> [Task item] Below are records; state how many of their lines hold the word "unit", and give only the figure.

(Collected data)
———
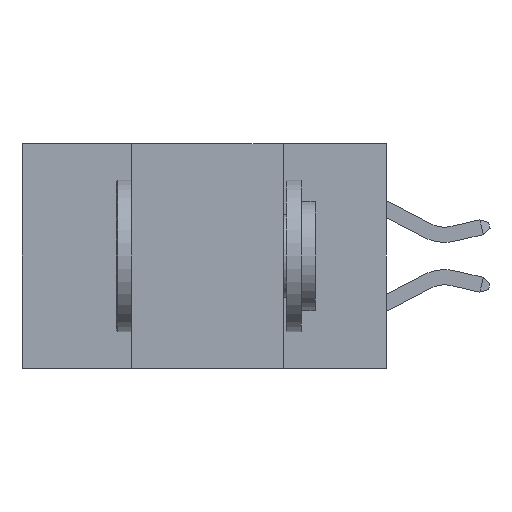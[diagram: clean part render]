
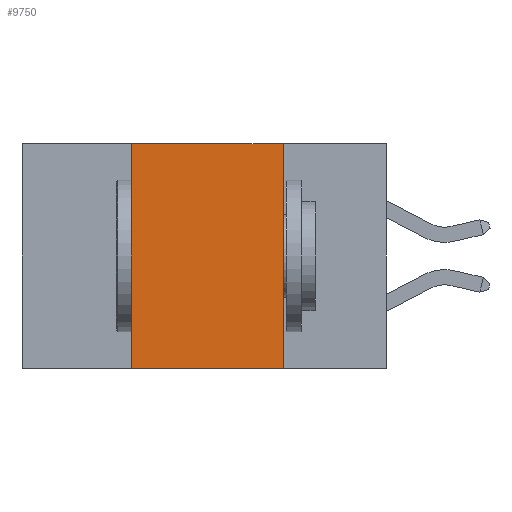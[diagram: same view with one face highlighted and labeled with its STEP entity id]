
A CAD part, left-side view. The second image highlights one B-rep face of the part: STEP entity #9750.
In plain terms, the highlighted planar face has unit normal (-1, 0, 0).
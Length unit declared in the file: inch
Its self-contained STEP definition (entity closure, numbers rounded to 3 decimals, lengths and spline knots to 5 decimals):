
#25 = CARTESIAN_POINT ( 'NONE',  ( 0., 0.17, 0. ) ) ;
#702 = AXIS2_PLACEMENT_3D ( 'NONE', #6322, #3959, #7085 ) ;
#784 = ORIENTED_EDGE ( 'NONE', *, *, #7469, .F. ) ;
#836 = PLANE ( 'NONE',  #702 ) ;
#980 = VERTEX_POINT ( 'NONE', #25 ) ;
#1160 = CARTESIAN_POINT ( 'NONE',  ( 0., 0.17, -0.37 ) ) ;
#1426 = EDGE_LOOP ( 'NONE', ( #784, #6329, #5363, #3511 ) ) ;
#1574 = VECTOR ( 'NONE', #6571, 39.37008 ) ;
#1629 = CARTESIAN_POINT ( 'NONE',  ( 0., 0.42, -0.37 ) ) ;
#2207 = CARTESIAN_POINT ( 'NONE',  ( 0., 0.42, 0. ) ) ;
#2642 = LINE ( 'NONE', #4140, #3940 ) ;
#2661 = EDGE_CURVE ( 'NONE', #9112, #3455, #9481, .T. ) ;
#3455 = VERTEX_POINT ( 'NONE', #2207 ) ;
#3511 = ORIENTED_EDGE ( 'NONE', *, *, #3611, .T. ) ;
#3611 = EDGE_CURVE ( 'NONE', #9112, #7672, #5498, .T. ) ;
#3940 = VECTOR ( 'NONE', #8075, 39.37008 ) ;
#3959 = DIRECTION ( 'NONE',  ( 1., 0., 0. ) ) ;
#4140 = CARTESIAN_POINT ( 'NONE',  ( 0., 0.6, 0. ) ) ;
#4722 = CARTESIAN_POINT ( 'NONE',  ( 0., 0.6, -0.37 ) ) ;
#5363 = ORIENTED_EDGE ( 'NONE', *, *, #2661, .F. ) ;
#5498 = LINE ( 'NONE', #4722, #1574 ) ;
#6254 = DIRECTION ( 'NONE',  ( 0., 0., 1. ) ) ;
#6322 = CARTESIAN_POINT ( 'NONE',  ( 0., 0.6, 0. ) ) ;
#6329 = ORIENTED_EDGE ( 'NONE', *, *, #6439, .F. ) ;
#6439 = EDGE_CURVE ( 'NONE', #3455, #980, #2642, .T. ) ;
#6571 = DIRECTION ( 'NONE',  ( 0., -1., 0. ) ) ;
#7014 = CARTESIAN_POINT ( 'NONE',  ( 0., 0.17, -0.37 ) ) ;
#7085 = DIRECTION ( 'NONE',  ( 0., 0., -1. ) ) ;
#7469 = EDGE_CURVE ( 'NONE', #980, #7672, #9286, .T. ) ;
#7598 = CARTESIAN_POINT ( 'NONE',  ( 0., 0.42, -0.37 ) ) ;
#7672 = VERTEX_POINT ( 'NONE', #1160 ) ;
#7860 = VECTOR ( 'NONE', #6254, 39.37008 ) ;
#8075 = DIRECTION ( 'NONE',  ( 0., -1., 0. ) ) ;
#8390 = DIRECTION ( 'NONE',  ( 0., 0., -1. ) ) ;
#8491 = VECTOR ( 'NONE', #8390, 39.37008 ) ;
#9112 = VERTEX_POINT ( 'NONE', #7598 ) ;
#9286 = LINE ( 'NONE', #7014, #8491 ) ;
#9481 = LINE ( 'NONE', #1629, #7860 ) ;
#9750 = ADVANCED_FACE ( 'NONE', ( #10006 ), #836, .F. ) ;
#10006 = FACE_OUTER_BOUND ( 'NONE', #1426, .T. ) ;
———
> [Result of this exercise] 2